Intangible rights and intentional crimes
While Coverage A responds to liability claims for bodily injury or property damage caused by an “event” (which is generally defined as an accident including continued exposure to harmful conditions), Coverage B’s key term is ” offence”. The word “event” does not appear in Coverage B. The term “offence” is defined in the insurance policy form and often involves conduct that is not at all accidental.

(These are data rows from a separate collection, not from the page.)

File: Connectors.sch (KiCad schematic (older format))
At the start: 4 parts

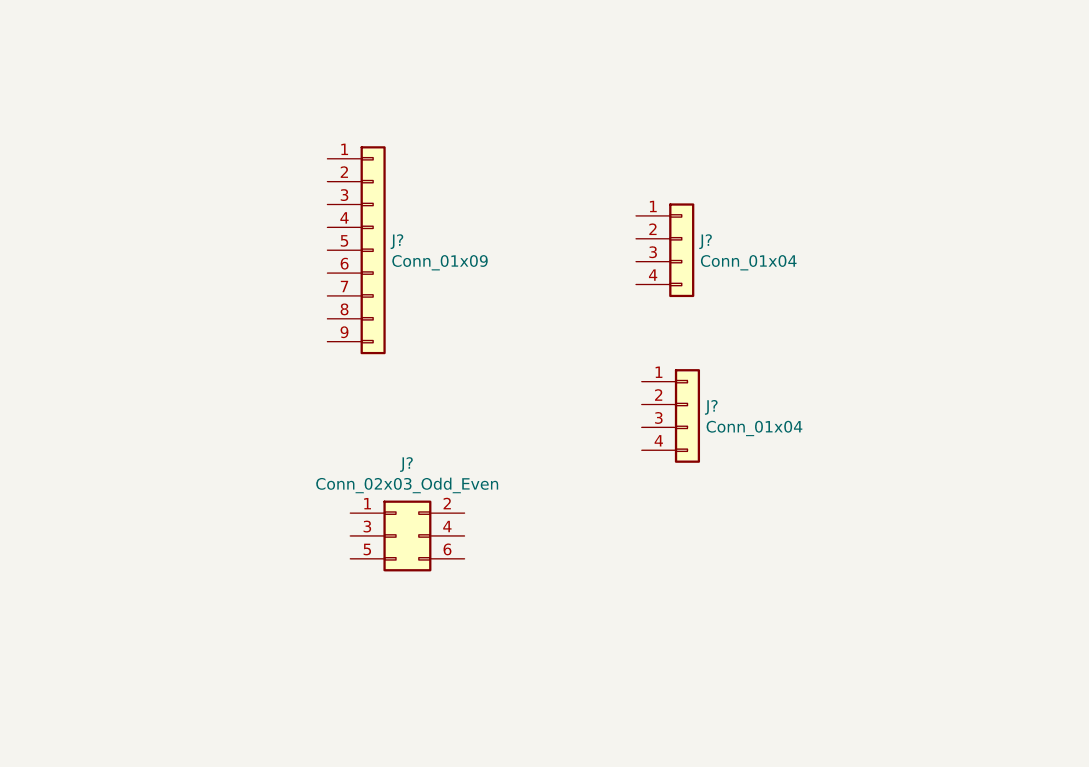
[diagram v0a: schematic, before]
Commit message: Arranged symbols.
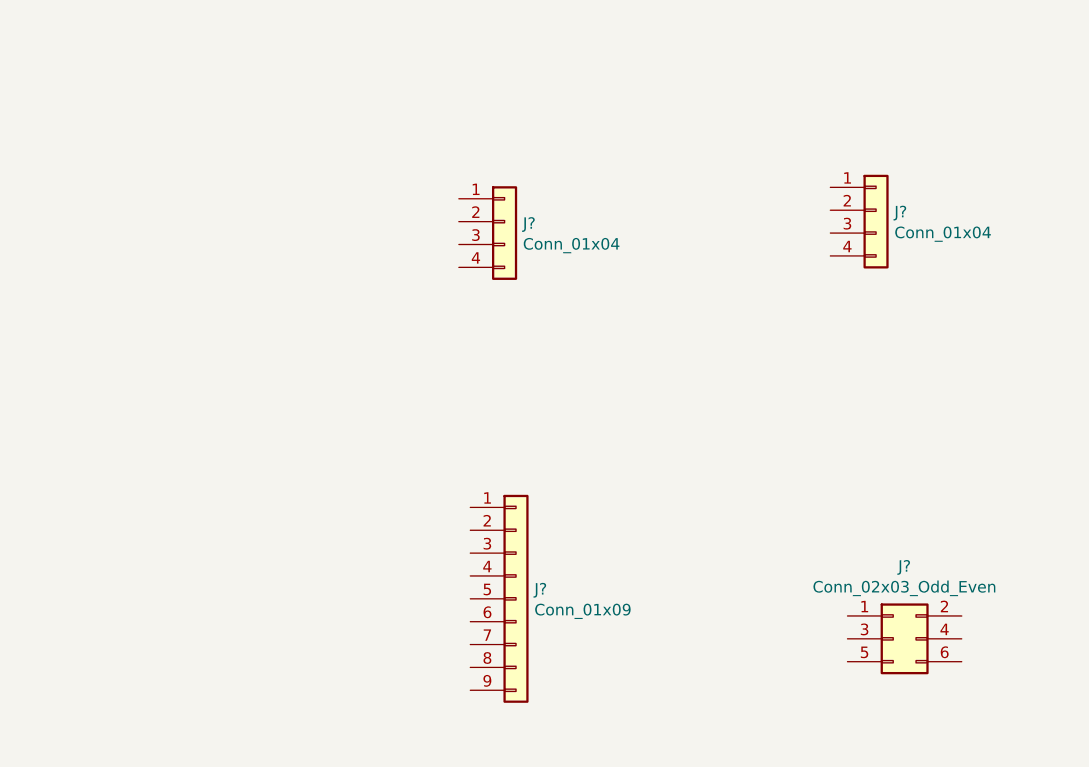
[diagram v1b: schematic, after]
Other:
- moved on the sheet: J?
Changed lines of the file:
@@
 L Connector_Generic:Conn_01x09 J?
 U 1 1 60D7775B
-P 4375 2925
-F 0 "J?" H 4455 2967 50  0000 L CNN
-F 1 "Conn_01x09" H 4455 2876 50  0000 L CNN
-F 2 "" H 4375 2925 50  0001 C CNN
-F 3 "~" H 4375 2925 50  0001 C CNN
-	1    4375 2925
+P 5000 4450
+F 0 "J?" H 5080 4492 50  0000 L CNN
+F 1 "Conn_01x09" H 5080 4401 50  0000 L CNN
+F 2 "" H 5000 4450 50  0001 C CNN
+F 3 "~" H 5000 4450 50  0001 C CNN
+	1    5000 4450
 	1    0    0    -1
 $EndComp
@@
 L Connector_Generic:Conn_01x04 J?
 U 1 1 60D7857C
-P 5725 2875
-F 0 "J?" H 5805 2867 50  0000 L CNN
-F 1 "Conn_01x04" H 5805 2776 50  0000 L CNN
-F 2 "" H 5725 2875 50  0001 C CNN
-F 3 "~" H 5725 2875 50  0001 C CNN
-	1    5725 2875
+P 4950 2800
+F 0 "J?" H 5030 2792 50  0000 L CNN
+F 1 "Conn_01x04" H 5030 2701 50  0000 L CNN
+F 2 "" H 4950 2800 50  0001 C CNN
+F 3 "~" H 4950 2800 50  0001 C CNN
+	1    4950 2800
 	1    0    0    -1
 $EndComp
@@
 L Connector_Generic:Conn_01x04 J?
 U 1 1 60D78A32
-P 5750 3600
-F 0 "J?" H 5830 3592 50  0000 L CNN
-F 1 "Conn_01x04" H 5830 3501 50  0000 L CNN
-F 2 "" H 5750 3600 50  0001 C CNN
-F 3 "~" H 5750 3600 50  0001 C CNN
-	1    5750 3600
+P 6575 2750
+F 0 "J?" H 6655 2742 50  0000 L CNN
+F 1 "Conn_01x04" H 6655 2651 50  0000 L CNN
+F 2 "" H 6575 2750 50  0001 C CNN
+F 3 "~" H 6575 2750 50  0001 C CNN
+	1    6575 2750
 	1    0    0    -1
 $EndComp
@@
 L Connector_Generic:Conn_02x03_Odd_Even J?
 U 1 1 60D796C8
-P 4475 4175
-F 0 "J?" H 4525 4492 50  0000 C CNN
-F 1 "Conn_02x03_Odd_Even" H 4525 4401 50  0000 C CNN
-F 2 "" H 4475 4175 50  0001 C CNN
-F 3 "~" H 4475 4175 50  0001 C CNN
-	1    4475 4175
+P 6650 4625
+F 0 "J?" H 6700 4942 50  0000 C CNN
+F 1 "Conn_02x03_Odd_Even" H 6700 4851 50  0000 C CNN
+F 2 "" H 6650 4625 50  0001 C CNN
+F 3 "~" H 6650 4625 50  0001 C CNN
+	1    6650 4625
 	1    0    0    -1
 $EndComp

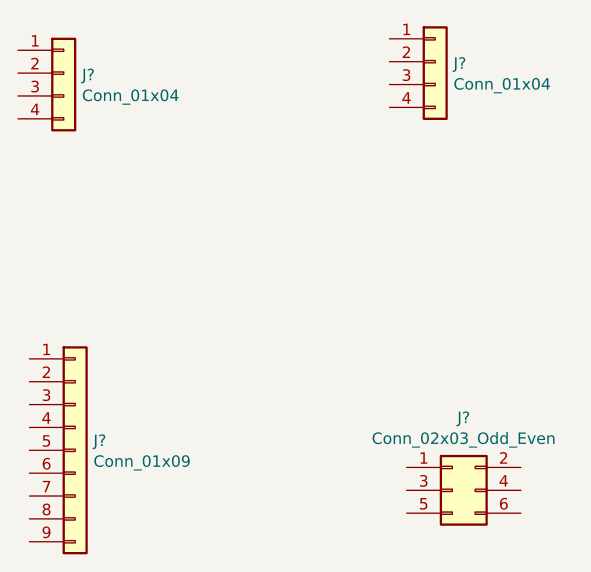
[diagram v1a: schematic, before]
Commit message: Annotated symbols.
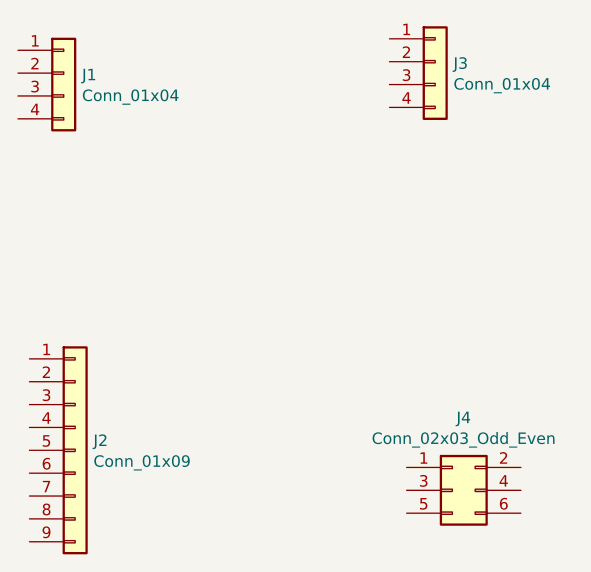
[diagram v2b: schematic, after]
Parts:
- gave numbers to parts that had none: 4
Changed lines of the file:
@@
 $EndDescr
 $Comp
-L Connector_Generic:Conn_01x09 J?
+L Connector_Generic:Conn_01x09 J2
 U 1 1 60D7775B
 P 5000 4450
-F 0 "J?" H 5080 4492 50  0000 L CNN
+F 0 "J2" H 5080 4492 50  0000 L CNN
 F 1 "Conn_01x09" H 5080 4401 50  0000 L CNN
 F 2 "" H 5000 4450 50  0001 C CNN
@@
 $EndComp
 $Comp
-L Connector_Generic:Conn_01x04 J?
+L Connector_Generic:Conn_01x04 J1
 U 1 1 60D7857C
 P 4950 2800
-F 0 "J?" H 5030 2792 50  0000 L CNN
+F 0 "J1" H 5030 2792 50  0000 L CNN
 F 1 "Conn_01x04" H 5030 2701 50  0000 L CNN
 F 2 "" H 4950 2800 50  0001 C CNN
@@
 $EndComp
 $Comp
-L Connector_Generic:Conn_01x04 J?
+L Connector_Generic:Conn_01x04 J3
 U 1 1 60D78A32
 P 6575 2750
-F 0 "J?" H 6655 2742 50  0000 L CNN
+F 0 "J3" H 6655 2742 50  0000 L CNN
 F 1 "Conn_01x04" H 6655 2651 50  0000 L CNN
 F 2 "" H 6575 2750 50  0001 C CNN
@@
 $EndComp
 $Comp
-L Connector_Generic:Conn_02x03_Odd_Even J?
+L Connector_Generic:Conn_02x03_Odd_Even J4
 U 1 1 60D796C8
 P 6650 4625
-F 0 "J?" H 6700 4942 50  0000 C CNN
+F 0 "J4" H 6700 4942 50  0000 C CNN
 F 1 "Conn_02x03_Odd_Even" H 6700 4851 50  0000 C CNN
 F 2 "" H 6650 4625 50  0001 C CNN

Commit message: Completed footprint associations and added component values.
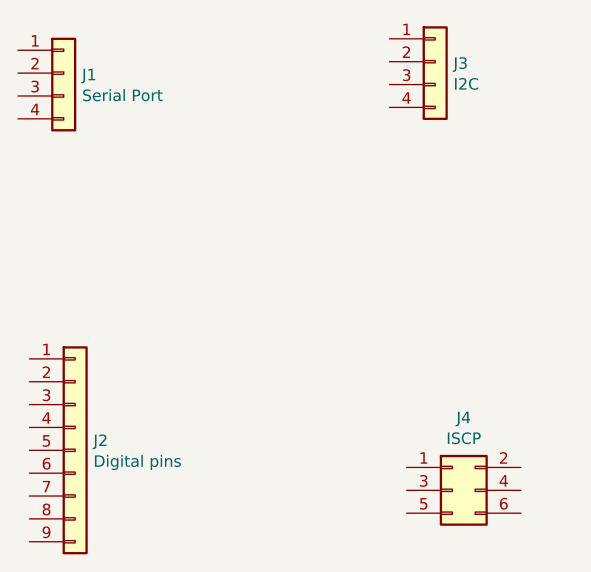
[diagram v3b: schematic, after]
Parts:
- J1: value Conn_01x04 -> Serial Port; footprint (none) -> Connector_PinHeader_2.54mm:PinHeader_1x04_P2.54mm_Vertical
- J2: value Conn_01x09 -> Digital pins; footprint (none) -> Connector_PinHeader_2.54mm:PinHeader_1x09_P2.54mm_Vertical
- J3: value Conn_01x04 -> I2C; footprint (none) -> Connector_PinHeader_2.54mm:PinHeader_1x04_P2.54mm_Vertical
- J4: value Conn_02x03_Odd_Even -> ISCP; footprint (none) -> Connector_PinHeader_2.54mm:PinHeader_2x03_P2.54mm_Vertical
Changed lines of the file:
@@
 P 5000 4450
 F 0 "J2" H 5080 4492 50  0000 L CNN
-F 1 "Conn_01x09" H 5080 4401 50  0000 L CNN
-F 2 "" H 5000 4450 50  0001 C CNN
+F 1 "Digital pins" H 5080 4401 50  0000 L CNN
+F 2 "Connector_PinHeader_2.54mm:PinHeader_1x09_P2.54mm_Vertical" H 5000 4450 50  0001 C CNN
 F 3 "~" H 5000 4450 50  0001 C CNN
 	1    5000 4450
@@
 P 4950 2800
 F 0 "J1" H 5030 2792 50  0000 L CNN
-F 1 "Conn_01x04" H 5030 2701 50  0000 L CNN
-F 2 "" H 4950 2800 50  0001 C CNN
+F 1 "Serial Port" H 5030 2701 50  0000 L CNN
+F 2 "Connector_PinHeader_2.54mm:PinHeader_1x04_P2.54mm_Vertical" H 4950 2800 50  0001 C CNN
 F 3 "~" H 4950 2800 50  0001 C CNN
 	1    4950 2800
@@
 P 6575 2750
 F 0 "J3" H 6655 2742 50  0000 L CNN
-F 1 "Conn_01x04" H 6655 2651 50  0000 L CNN
-F 2 "" H 6575 2750 50  0001 C CNN
+F 1 "I2C" H 6655 2651 50  0000 L CNN
+F 2 "Connector_PinHeader_2.54mm:PinHeader_1x04_P2.54mm_Vertical" H 6575 2750 50  0001 C CNN
 F 3 "~" H 6575 2750 50  0001 C CNN
 	1    6575 2750
@@
 P 6650 4625
 F 0 "J4" H 6700 4942 50  0000 C CNN
-F 1 "Conn_02x03_Odd_Even" H 6700 4851 50  0000 C CNN
-F 2 "" H 6650 4625 50  0001 C CNN
+F 1 "ISCP" H 6700 4851 50  0000 C CNN
+F 2 "Connector_PinHeader_2.54mm:PinHeader_2x03_P2.54mm_Vertical" H 6650 4625 50  0001 C CNN
 F 3 "~" H 6650 4625 50  0001 C CNN
 	1    6650 4625

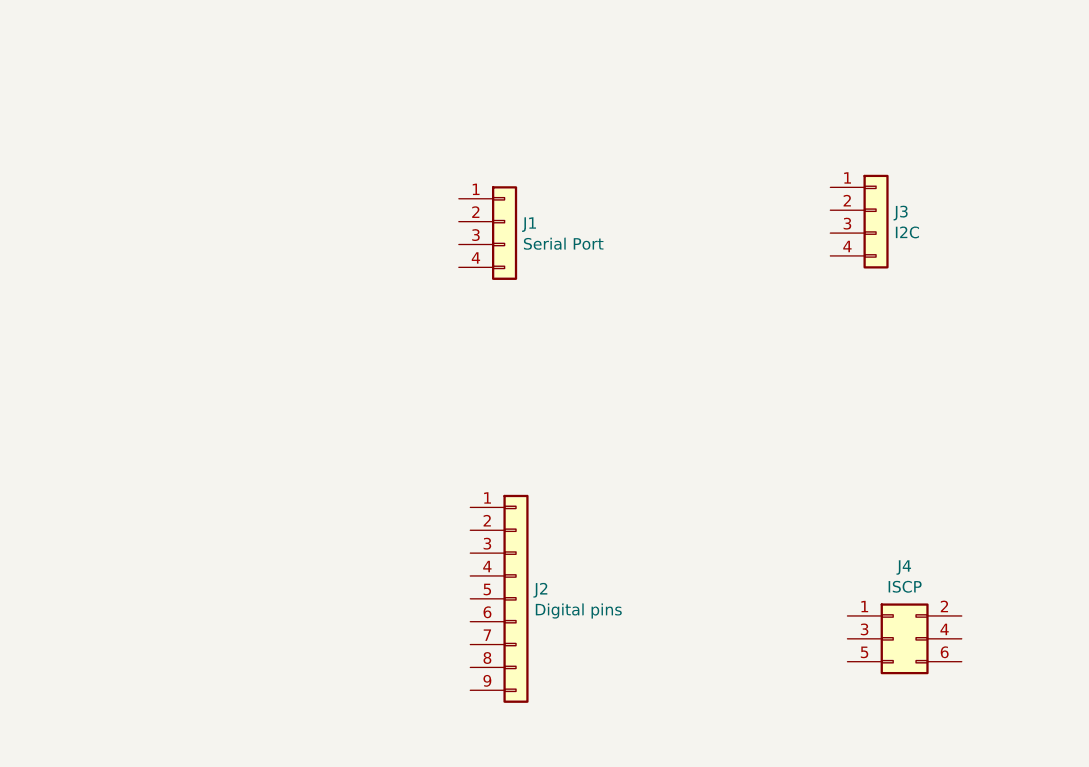
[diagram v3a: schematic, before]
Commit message: Completed wiring in connector sheet.
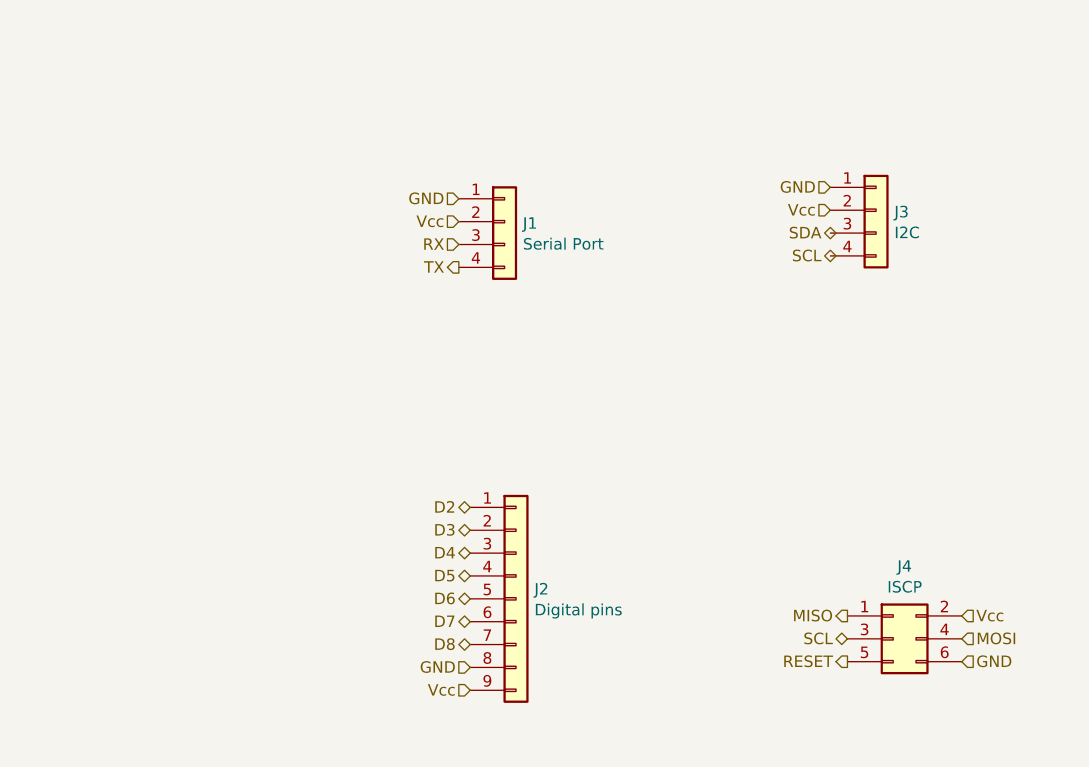
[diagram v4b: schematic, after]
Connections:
- net D2: now reaches J2.1 (Pin_1)
- net D3: now reaches J2.2 (Pin_2)
- net D4: now reaches J2.3 (Pin_3)
- net D5: now reaches J2.4 (Pin_4)
- net D6: now reaches J2.5 (Pin_5)
- net D7: now reaches J2.6 (Pin_6)
- net D8: now reaches J2.7 (Pin_7)
- net GND: now reaches J2.8 (Pin_8)
- net GND: now also J1.1 (Pin_1), J3.1 (Pin_1), J4.6 (Pin_6)
- net Vcc: now reaches J2.9 (Pin_9)
- net Vcc: now also J1.2 (Pin_2), J3.2 (Pin_2), J4.2 (Pin_2)
- net RX: now reaches J1.3 (Pin_3)
- net TX: now reaches J1.4 (Pin_4)
- net MISO: now reaches J4.1 (Pin_1)
- net SCL: now reaches J4.3 (Pin_3)
- net MOSI: now reaches J4.4 (Pin_4)
- net RESET: now reaches J4.5 (Pin_5)
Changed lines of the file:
@@
 encoding utf-8
 Sheet 2 2
-Title "Battery Powered Aduino Clone with Clock & Extended EEPROM"
+Title "Battery Powered Arduino Clone with Clock & Extended EEPROM"
 Date "2021-06-24"
 Rev "1"
@@
 	1    0    0    -1
 $EndComp
+Text HLabel 6450 4525 0    50   Output ~ 0
+MISO
+Text HLabel 6450 4625 0    50   BiDi ~ 0
+SCL
+Text HLabel 6450 4725 0    50   Output ~ 0
+RESET
+Text HLabel 6950 4525 2    50   Input ~ 0
+Vcc
+Text HLabel 6950 4625 2    50   Input ~ 0
+MOSI
+Text HLabel 6950 4725 2    50   Input ~ 0
+GND
+Text HLabel 4750 2700 0    50   Input ~ 0
+GND
+Text HLabel 4750 2800 0    50   Input ~ 0
+Vcc
+Text HLabel 4750 2900 0    50   Input ~ 0
+RX
+Text HLabel 4750 3000 0    50   Output ~ 0
+TX
+Text HLabel 6375 2650 0    50   Input ~ 0
+GND
+Text HLabel 6375 2750 0    50   Input ~ 0
+Vcc
+Text HLabel 6400 2850 0    50   BiDi ~ 0
+SDA
+Text HLabel 6400 2950 0    50   BiDi ~ 0
+SCL
+Text HLabel 4800 4050 0    50   BiDi ~ 0
+D2
+Text HLabel 4800 4150 0    50   BiDi ~ 0
+D3
+Text HLabel 4800 4250 0    50   BiDi ~ 0
+D4
+Text HLabel 4800 4350 0    50   BiDi ~ 0
+D5
+Text HLabel 4800 4450 0    50   BiDi ~ 0
+D6
+Text HLabel 4800 4550 0    50   BiDi ~ 0
+D7
+Text HLabel 4800 4650 0    50   BiDi ~ 0
+D8
+Text HLabel 4800 4750 0    50   Input ~ 0
+GND
+Text HLabel 4800 4850 0    50   Input ~ 0
+Vcc
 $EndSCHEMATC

Generally, with some variation, all of the following offenses are covered: a. False arrest, detention or imprisonment; b. Abusive lawsuits; vs. Abusive eviction, abusive entry or infringement of the right of private occupation of a room, accommodation or premises occupied by a person, committed by or on behalf of its owner, lessor or lessor; D. Publication, oral or written, in any way, of material that slanders or defames any person or organization or disparages the goods, products or services of any person or organization; e. Oral or written publication, in any manner, of material that violates a person’s right to privacy; F. Use of a third party’s advertising idea in your “advertisement”; g. Infringe the copyright, trade dress or slogan of another in your “advertisement”.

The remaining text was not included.